Dataset items:
..............................

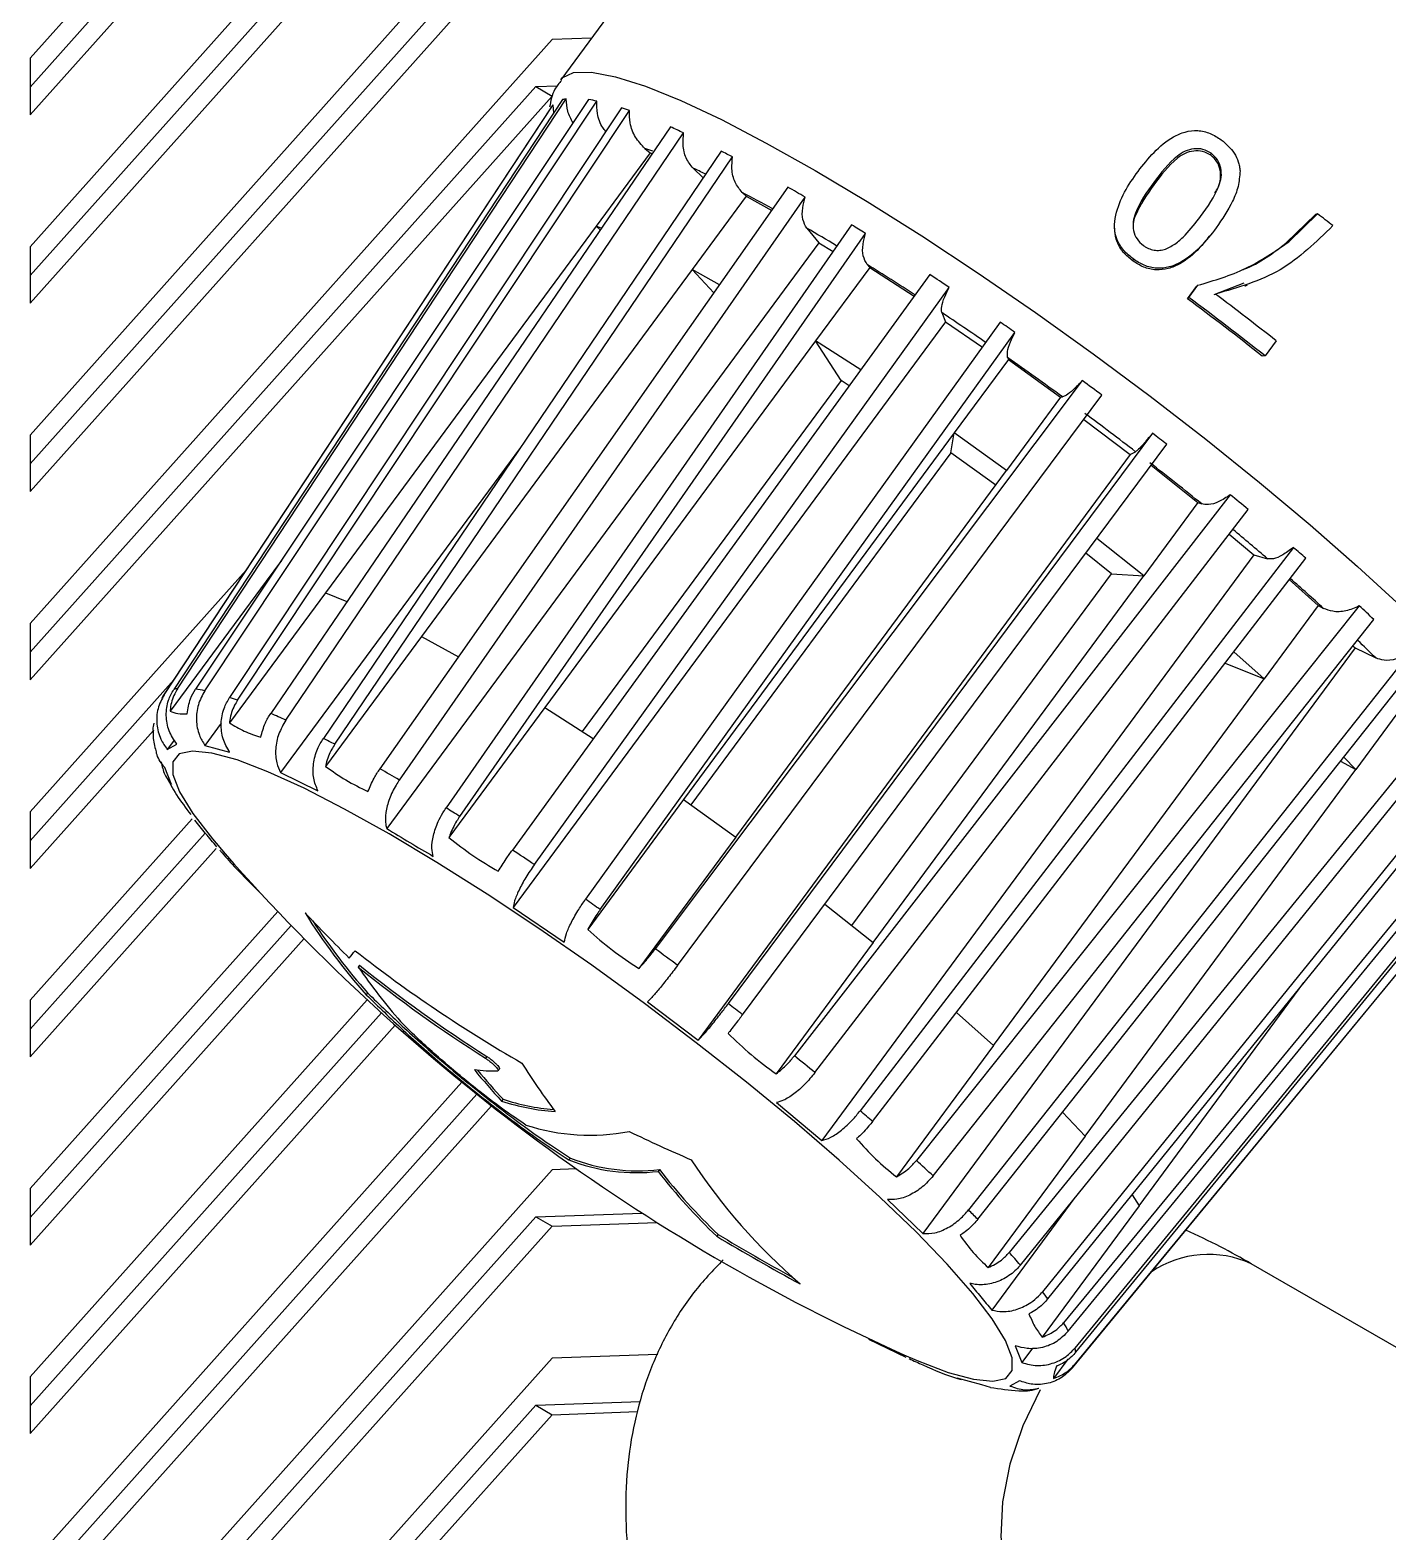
# Model space of a CAD drawing. Header units: millimetres. Extents: x 15 to 415, y 5 to 292.
# Drawn here: x 295.26 to 312.08, y 177.9 to 196.5 of the extents above; entities that cross this region are included whole.
import ezdxf

# ---------------------------------------------------------------- set-up
doc = ezdxf.new("R2010")
doc.units = ezdxf.units.MM

msp = doc.modelspace()

# ---------------------------------------------------------------- linework, layer by layer
at = {"color": 7, "linetype": 'Continuous', "lineweight": 25}
for p, q in [((301.7261, 203.3773), (295.2611, 196.1457)), ((295.2611, 195.7884), (301.524, 202.794)), ((295.2611, 195.4458), (301.7261, 202.6774)), ((301.7261, 201.0443), (295.2611, 193.8127)), ((305.6035, 200.9888), (301.8331, 195.88)), ((295.2611, 193.4554), (301.524, 200.4611)), ((295.2611, 193.1128), (301.7261, 200.3444)), ((301.7261, 198.7113), (295.2611, 191.4797)), ((295.2611, 191.1225), (301.524, 198.1281)), ((295.2611, 190.7798), (301.7261, 198.0115)), ((301.7261, 196.3784), (295.2611, 189.1468)), ((302.2139, 196.3959), (301.7261, 196.3784)), ((295.2611, 196.1457), (295.2611, 195.4458)), ((295.2611, 188.7895), (301.524, 195.7951)), ((295.2611, 188.4469), (301.7261, 195.6785)), ((301.524, 195.7951), (301.7934, 195.8048)), ((301.524, 195.7951), (301.7261, 195.6785)), ((301.7184, 195.5434), (296.9072, 188.2441)), ((296.9229, 188.2644), (301.7379, 195.5681)), ((301.8563, 195.6336), (297.0413, 188.33)), ((297.088, 188.3389), (301.9022, 195.6431)), ((302.1793, 195.6339), (297.3118, 188.3331)), ((297.4254, 188.3131), (302.28, 195.6151)), ((302.5865, 195.5309), (297.7319, 188.2289)), ((297.8309, 188.1952), (302.6848, 195.4977)), ((301.7498, 195.4721), (301.7379, 195.5681)), ((303.1914, 195.2958), (298.2424, 188.0321)), ((298.429, 187.9489), (303.3555, 195.2219)), ((303.8202, 194.9963), (298.8937, 187.7232)), ((302.9412, 194.9755), (302.2709, 194.0673)), ((302.8762, 195.0302), (302.9412, 194.9755)), ((302.9412, 194.9755), (302.9662, 194.9653)), ((309.884, 194.9447), (309.8891, 194.9687)), ((299.0353, 187.6501), (303.9612, 194.9237)), ((303.4741, 194.7839), (303.5965, 194.666)), ((309.1776, 194.579), (309.1773, 194.6068)), ((304.6478, 194.5488), (299.5941, 187.3457)), ((299.8356, 187.2073), (304.8592, 194.4272)), ((304.1313, 194.4362), (303.461, 193.5279)), ((304.0804, 194.4851), (304.1313, 194.4362)), ((304.1313, 194.4362), (304.4469, 194.2624)), ((310.8241, 193.8639), (311.1806, 194.2111)), ((310.8504, 193.8722), (311.208, 194.2184)), ((311.208, 194.2184), (311.1806, 194.2111)), ((302.2709, 194.0673), (298.9195, 189.5261)), ((305.4365, 194.0821), (300.4129, 186.8622)), ((302.3227, 194.0208), (302.2709, 194.0673)), ((302.3363, 194.0407), (302.2709, 194.0673)), ((304.8805, 194.0425), (305.0306, 193.8602)), ((295.2611, 193.8127), (295.2611, 193.1128)), ((305.0306, 193.8602), (299.6782, 186.6076)), ((300.5833, 186.757), (305.6065, 193.9772)), ((305.0306, 193.8602), (305.2082, 193.754)), ((310.8504, 193.8722), (310.8241, 193.8639)), ((308.9235, 193.6603), (308.9184, 193.6364)), ((303.461, 193.5279), (300.1096, 188.9868)), ((306.4058, 193.4662), (301.2348, 186.341)), ((303.7302, 193.241), (303.461, 193.5279)), ((303.8004, 193.3411), (303.461, 193.5279)), ((305.6599, 193.5536), (304.9896, 192.6454)), ((305.6282, 193.5921), (305.6599, 193.5536)), ((305.6599, 193.5536), (306.2119, 193.1988)), ((301.5074, 186.161), (306.6438, 193.3086)), ((309.5954, 193.1683), (309.7071, 193.3196)), ((309.613, 193.1831), (309.7247, 193.3344)), ((309.7247, 193.3344), (309.7071, 193.3196)), ((310.2955, 193.3589), (309.9212, 193.2142)), ((309.613, 193.1831), (309.5954, 193.1683)), ((306.5969, 192.8816), (301.2444, 185.629)), ((306.5522, 192.9963), (306.5969, 192.8816)), ((306.5969, 192.8816), (307.0558, 192.5696)), ((307.2773, 192.8779), (302.1409, 185.7303)), ((302.3233, 185.6032), (307.4596, 192.751)), ((304.9896, 192.6454), (301.6382, 188.1042)), ((305.3058, 192.1554), (304.9896, 192.6454)), ((305.5492, 192.2857), (304.9896, 192.6454)), ((310.6949, 192.6466), (310.5569, 192.4597)), ((307.3775, 192.4142), (306.7072, 191.506)), ((307.368, 192.4385), (307.3775, 192.4142)), ((307.3775, 192.4142), (308.0242, 191.9489)), ((310.5569, 192.4597), (310.5219, 192.4583)), ((305.3058, 192.1554), (302.0979, 187.8087)), ((308.2935, 192.1537), (303.0037, 185.1163)), ((305.4072, 192.0902), (305.3058, 192.1554)), ((303.2808, 184.9125), (308.5348, 191.9757)), ((308.0242, 191.9489), (308.0482, 191.9518)), ((308.0242, 191.9489), (307.354, 191.0407)), ((308.3104, 191.6741), (308.888, 191.2377)), ((295.2611, 191.4797), (295.2611, 190.7798)), ((306.7072, 191.506), (303.3558, 186.9648)), ((309.1624, 191.5016), (303.9085, 184.4383)), ((306.6639, 191.2611), (306.7072, 191.506)), ((307.354, 191.0407), (306.7072, 191.506)), ((301.334, 191.3259), (298.3624, 187.2994)), ((306.6639, 191.2611), (303.4456, 186.9002)), ((308.888, 191.2377), (303.5355, 183.9852)), ((304.085, 184.3017), (309.3391, 191.3651)), ((307.2209, 190.8604), (306.6639, 191.2611)), ((308.888, 191.2377), (308.953, 191.2737)), ((304.0025, 186.4996), (307.354, 191.0407)), ((309.146, 191.1055), (309.7235, 190.6447)), ((310.1259, 190.74), (304.7278, 183.7917)), ((304.9823, 183.5838), (310.3469, 190.559)), ((309.7235, 190.6447), (309.0532, 189.7365)), ((309.7235, 190.6447), (309.7721, 190.6273)), ((309.0532, 189.7365), (308.4724, 190.1999)), ((310.1114, 190.2527), (310.4185, 189.9945)), ((298.3736, 189.9257), (298.1845, 189.6695)), ((310.4185, 189.9945), (305.0661, 182.7419)), ((310.9073, 190.0878), (305.5426, 183.1126)), ((305.6961, 182.98), (311.0611, 189.955)), ((308.6547, 189.7606), (308.3352, 190.0155)), ((310.4185, 189.9945), (310.5869, 189.9482)), ((297.9383, 189.8085), (295.2611, 186.8138)), ((305.4398, 185.4043), (308.6547, 189.7606)), ((305.7018, 185.1953), (309.0532, 189.7365)), ((308.6547, 189.7606), (309.0532, 189.7365)), ((298.1845, 189.6695), (296.996, 188.0591)), ((298.1845, 189.6695), (298.202, 189.6684)), ((310.8566, 189.6891), (311.2139, 189.3684)), ((298.9195, 189.5261), (297.731, 187.9158)), ((298.9195, 189.5261), (299.1863, 189.4176)), ((311.7238, 189.3634), (306.2382, 182.4967)), ((311.2139, 189.3684), (310.5436, 188.4601)), ((311.2139, 189.3684), (311.2823, 189.3325)), ((306.4452, 182.3051), (311.9029, 189.1971)), ((295.2611, 189.1468), (295.2611, 188.4469)), ((300.1096, 188.9868), (298.9211, 187.3764)), ((300.1096, 188.9868), (300.5683, 188.7342)), ((311.6722, 188.8428), (306.3197, 181.5902)), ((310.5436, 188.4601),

..............................

WHAT THE EXERCISE ASKS —
Search the records for the word "units" and copy every line where it occurs.

YOUR RESPONSE —
# Model space of a CAD drawing. Header units: millimetres. Extents: x 15 to 415, y 5 to 292.
doc.units = ezdxf.units.MM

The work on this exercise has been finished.